Besides saving the direct expenses of facilities, reducing parking has a number of other benefits.  Less parking can equate to more green space on campus, which can help with stormwater management, water pollution, heat island effects, and developing an attractive environment.  And of course, fewer cars on the roads equals a smaller carbon footprint for the institution.  With 437 current signatories to the President’s Climate Commitment, reducing parking represents an important step towards climate neutrality of higher education institutions.

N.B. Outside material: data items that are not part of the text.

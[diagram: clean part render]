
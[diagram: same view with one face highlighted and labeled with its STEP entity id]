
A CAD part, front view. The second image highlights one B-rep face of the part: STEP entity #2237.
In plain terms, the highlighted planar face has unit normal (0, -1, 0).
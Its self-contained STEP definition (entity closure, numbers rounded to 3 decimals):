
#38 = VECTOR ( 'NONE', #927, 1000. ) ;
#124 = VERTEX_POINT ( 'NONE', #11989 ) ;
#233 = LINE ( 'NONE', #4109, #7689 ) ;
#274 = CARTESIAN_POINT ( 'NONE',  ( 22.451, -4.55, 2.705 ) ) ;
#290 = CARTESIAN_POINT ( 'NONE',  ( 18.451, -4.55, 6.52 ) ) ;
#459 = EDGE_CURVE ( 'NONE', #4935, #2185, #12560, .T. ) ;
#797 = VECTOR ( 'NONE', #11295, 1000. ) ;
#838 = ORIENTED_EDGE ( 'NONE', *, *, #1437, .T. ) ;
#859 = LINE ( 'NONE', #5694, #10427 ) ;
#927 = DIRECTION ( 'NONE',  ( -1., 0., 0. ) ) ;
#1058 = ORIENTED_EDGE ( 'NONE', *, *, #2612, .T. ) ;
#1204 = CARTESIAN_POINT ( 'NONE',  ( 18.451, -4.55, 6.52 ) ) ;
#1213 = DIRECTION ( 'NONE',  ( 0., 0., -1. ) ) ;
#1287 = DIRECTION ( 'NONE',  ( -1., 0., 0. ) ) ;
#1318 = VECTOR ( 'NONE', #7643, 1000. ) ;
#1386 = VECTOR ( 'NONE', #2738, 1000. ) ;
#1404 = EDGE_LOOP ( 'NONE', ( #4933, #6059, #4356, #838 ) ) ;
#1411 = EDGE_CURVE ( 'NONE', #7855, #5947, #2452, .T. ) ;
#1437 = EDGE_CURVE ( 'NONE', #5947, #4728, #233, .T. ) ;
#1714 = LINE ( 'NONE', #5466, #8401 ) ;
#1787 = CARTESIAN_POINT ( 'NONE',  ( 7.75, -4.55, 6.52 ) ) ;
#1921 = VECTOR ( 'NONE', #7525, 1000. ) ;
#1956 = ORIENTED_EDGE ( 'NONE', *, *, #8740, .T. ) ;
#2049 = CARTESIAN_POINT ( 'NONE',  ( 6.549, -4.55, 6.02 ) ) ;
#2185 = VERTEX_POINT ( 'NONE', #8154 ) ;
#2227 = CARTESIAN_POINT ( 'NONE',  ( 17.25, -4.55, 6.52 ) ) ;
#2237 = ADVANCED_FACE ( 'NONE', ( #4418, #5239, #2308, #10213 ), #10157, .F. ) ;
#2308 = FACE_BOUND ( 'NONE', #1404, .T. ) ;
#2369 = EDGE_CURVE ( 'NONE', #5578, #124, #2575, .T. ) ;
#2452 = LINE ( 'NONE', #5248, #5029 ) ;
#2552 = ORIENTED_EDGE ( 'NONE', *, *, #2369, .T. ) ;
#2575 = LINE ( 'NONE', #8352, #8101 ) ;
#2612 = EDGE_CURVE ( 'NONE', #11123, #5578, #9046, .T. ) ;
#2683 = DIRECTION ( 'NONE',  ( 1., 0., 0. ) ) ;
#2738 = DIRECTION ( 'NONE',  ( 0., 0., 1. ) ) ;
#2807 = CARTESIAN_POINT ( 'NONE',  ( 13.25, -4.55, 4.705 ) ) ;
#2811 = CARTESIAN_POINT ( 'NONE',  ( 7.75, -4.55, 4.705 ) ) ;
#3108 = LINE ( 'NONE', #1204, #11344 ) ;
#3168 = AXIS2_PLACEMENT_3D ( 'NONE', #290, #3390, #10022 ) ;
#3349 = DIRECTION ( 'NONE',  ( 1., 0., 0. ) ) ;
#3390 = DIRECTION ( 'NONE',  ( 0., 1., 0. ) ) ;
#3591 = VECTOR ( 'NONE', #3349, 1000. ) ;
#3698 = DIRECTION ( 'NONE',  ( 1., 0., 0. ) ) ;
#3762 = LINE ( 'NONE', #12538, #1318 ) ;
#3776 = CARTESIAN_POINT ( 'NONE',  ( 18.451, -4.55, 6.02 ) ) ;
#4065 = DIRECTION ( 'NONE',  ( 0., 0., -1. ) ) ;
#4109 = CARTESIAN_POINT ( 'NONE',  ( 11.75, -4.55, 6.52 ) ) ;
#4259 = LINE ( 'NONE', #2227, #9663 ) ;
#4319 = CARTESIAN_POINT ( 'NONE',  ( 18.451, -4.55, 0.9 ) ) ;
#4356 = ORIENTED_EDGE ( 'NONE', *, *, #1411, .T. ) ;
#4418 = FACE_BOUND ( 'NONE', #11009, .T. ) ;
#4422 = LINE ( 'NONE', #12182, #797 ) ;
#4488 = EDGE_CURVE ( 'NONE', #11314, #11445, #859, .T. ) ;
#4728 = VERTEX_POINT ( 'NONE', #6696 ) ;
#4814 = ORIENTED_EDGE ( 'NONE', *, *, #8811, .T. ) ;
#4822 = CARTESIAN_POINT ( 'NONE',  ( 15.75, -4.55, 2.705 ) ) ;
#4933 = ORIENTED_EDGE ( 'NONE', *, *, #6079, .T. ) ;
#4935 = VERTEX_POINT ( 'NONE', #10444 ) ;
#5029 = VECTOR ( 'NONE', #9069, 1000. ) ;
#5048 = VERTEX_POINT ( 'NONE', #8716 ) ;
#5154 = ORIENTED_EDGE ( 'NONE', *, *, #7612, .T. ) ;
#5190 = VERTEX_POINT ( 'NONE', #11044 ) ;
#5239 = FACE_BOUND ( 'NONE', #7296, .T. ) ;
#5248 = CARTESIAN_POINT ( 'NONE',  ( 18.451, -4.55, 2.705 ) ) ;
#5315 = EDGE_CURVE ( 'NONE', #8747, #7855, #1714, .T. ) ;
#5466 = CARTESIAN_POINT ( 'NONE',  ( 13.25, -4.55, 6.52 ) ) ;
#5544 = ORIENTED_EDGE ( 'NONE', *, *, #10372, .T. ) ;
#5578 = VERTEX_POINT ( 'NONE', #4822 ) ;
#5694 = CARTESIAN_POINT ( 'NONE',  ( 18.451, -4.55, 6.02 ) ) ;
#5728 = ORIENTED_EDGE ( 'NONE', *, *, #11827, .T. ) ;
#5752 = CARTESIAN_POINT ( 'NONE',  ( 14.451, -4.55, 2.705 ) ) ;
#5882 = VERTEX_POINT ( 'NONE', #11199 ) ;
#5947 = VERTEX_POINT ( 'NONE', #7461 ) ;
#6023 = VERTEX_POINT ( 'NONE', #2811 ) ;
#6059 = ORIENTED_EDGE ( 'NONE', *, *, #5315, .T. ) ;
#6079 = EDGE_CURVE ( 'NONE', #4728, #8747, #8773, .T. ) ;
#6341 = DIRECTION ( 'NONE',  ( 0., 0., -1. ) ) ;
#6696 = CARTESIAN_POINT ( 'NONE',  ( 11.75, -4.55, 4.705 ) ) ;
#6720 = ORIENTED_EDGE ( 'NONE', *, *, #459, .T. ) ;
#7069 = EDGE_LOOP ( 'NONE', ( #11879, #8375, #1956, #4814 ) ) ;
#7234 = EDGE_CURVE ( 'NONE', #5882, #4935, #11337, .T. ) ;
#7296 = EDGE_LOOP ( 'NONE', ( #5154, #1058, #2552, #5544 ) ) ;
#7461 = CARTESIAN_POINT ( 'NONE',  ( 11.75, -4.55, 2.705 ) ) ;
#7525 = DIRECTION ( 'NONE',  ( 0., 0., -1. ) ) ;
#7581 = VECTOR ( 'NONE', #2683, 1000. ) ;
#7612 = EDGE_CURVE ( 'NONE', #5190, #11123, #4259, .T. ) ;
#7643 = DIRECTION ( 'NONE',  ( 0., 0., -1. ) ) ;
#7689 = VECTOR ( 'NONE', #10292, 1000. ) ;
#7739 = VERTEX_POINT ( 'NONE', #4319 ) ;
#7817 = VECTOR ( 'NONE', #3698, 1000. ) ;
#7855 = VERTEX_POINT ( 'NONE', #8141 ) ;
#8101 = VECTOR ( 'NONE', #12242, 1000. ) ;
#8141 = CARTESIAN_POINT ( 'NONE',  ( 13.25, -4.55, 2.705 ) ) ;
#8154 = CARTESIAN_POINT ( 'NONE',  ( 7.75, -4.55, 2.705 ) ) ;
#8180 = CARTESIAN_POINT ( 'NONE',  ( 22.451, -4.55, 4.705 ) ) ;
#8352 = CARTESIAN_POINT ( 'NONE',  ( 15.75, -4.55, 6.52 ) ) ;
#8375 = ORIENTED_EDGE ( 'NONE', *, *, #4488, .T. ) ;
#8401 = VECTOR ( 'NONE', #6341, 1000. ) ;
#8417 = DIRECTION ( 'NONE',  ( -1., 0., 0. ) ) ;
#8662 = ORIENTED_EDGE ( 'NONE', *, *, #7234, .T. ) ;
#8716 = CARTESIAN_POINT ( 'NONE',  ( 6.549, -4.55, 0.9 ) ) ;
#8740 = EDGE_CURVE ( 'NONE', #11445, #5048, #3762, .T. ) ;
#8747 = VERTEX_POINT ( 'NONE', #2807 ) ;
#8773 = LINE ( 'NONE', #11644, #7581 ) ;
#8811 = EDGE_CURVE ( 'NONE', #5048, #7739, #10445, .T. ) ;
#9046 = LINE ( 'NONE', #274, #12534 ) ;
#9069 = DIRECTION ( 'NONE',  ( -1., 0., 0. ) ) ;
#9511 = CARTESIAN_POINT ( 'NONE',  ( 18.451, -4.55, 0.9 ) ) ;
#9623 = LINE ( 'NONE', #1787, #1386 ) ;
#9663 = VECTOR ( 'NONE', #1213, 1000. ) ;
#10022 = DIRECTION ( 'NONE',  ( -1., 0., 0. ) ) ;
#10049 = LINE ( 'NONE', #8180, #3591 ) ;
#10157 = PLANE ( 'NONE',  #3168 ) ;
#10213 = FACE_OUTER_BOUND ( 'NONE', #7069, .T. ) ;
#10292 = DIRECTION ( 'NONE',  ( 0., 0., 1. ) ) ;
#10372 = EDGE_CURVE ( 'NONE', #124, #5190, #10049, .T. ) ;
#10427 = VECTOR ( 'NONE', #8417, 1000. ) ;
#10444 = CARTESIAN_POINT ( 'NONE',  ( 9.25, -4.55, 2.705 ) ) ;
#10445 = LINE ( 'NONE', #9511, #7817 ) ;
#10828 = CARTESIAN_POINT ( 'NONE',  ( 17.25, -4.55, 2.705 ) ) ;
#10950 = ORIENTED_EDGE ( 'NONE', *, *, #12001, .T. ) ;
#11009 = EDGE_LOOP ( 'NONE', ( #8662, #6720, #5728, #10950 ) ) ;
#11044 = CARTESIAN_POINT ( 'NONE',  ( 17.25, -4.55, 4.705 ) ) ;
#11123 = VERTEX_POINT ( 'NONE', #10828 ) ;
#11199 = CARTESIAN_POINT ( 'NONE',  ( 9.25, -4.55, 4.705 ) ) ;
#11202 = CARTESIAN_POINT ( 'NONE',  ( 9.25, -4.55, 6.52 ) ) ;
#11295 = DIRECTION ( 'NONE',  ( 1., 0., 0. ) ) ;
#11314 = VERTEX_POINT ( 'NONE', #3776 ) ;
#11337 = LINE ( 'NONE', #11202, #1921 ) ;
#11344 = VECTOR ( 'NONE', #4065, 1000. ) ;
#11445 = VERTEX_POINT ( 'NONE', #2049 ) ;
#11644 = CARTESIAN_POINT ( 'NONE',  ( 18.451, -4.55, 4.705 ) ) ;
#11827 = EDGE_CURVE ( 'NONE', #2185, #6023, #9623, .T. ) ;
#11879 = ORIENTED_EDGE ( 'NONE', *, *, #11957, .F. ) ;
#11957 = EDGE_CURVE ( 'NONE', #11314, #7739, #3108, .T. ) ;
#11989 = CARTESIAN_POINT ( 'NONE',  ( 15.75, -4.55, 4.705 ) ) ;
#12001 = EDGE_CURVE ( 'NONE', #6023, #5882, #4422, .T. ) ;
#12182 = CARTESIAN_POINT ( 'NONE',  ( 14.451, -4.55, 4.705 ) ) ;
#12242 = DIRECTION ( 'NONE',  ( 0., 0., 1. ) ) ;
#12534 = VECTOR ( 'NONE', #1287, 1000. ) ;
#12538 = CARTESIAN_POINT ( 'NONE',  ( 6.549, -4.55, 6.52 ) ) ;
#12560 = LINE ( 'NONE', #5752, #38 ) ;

Given that a reduction in parking cannot come alone, how do we manage transportation demand?  Mark Stonehill ’09 and Asa Diebolt ’09 have been investigating the possibility of allowing campuses to qualify for reduced minimum parking requirements through the implementation of an individualized transportation plan from a given ‘toolkit.’  Each aspect could qualify the school for a certain reduction in the requirement.  Myriad ‘tools’ reduce parking demand on a given campus—public transit incentive programs such as Metropass, car sharing like HourCar, bicycle parking, and bicycle share programs are among those that an institution could implement voluntarily.  By restricting who qualifies to park, how much parking costs the user, as well as managing spillover into surrounding communities through permits, the institution can use it’s policies to reduce demand for space.  Location along a street with sufficient transit service could also merit reductions.  The plan is not about eliminating all parking, but about developing needed and smart alternatives.

Universities, colleges, and seminaries teach students not only in the classroom, but also in how they operate and how they manage their physical space.  They are far from the only institutions which have the potential to implement important transportation management change, but they have a unique position to effect and influence change.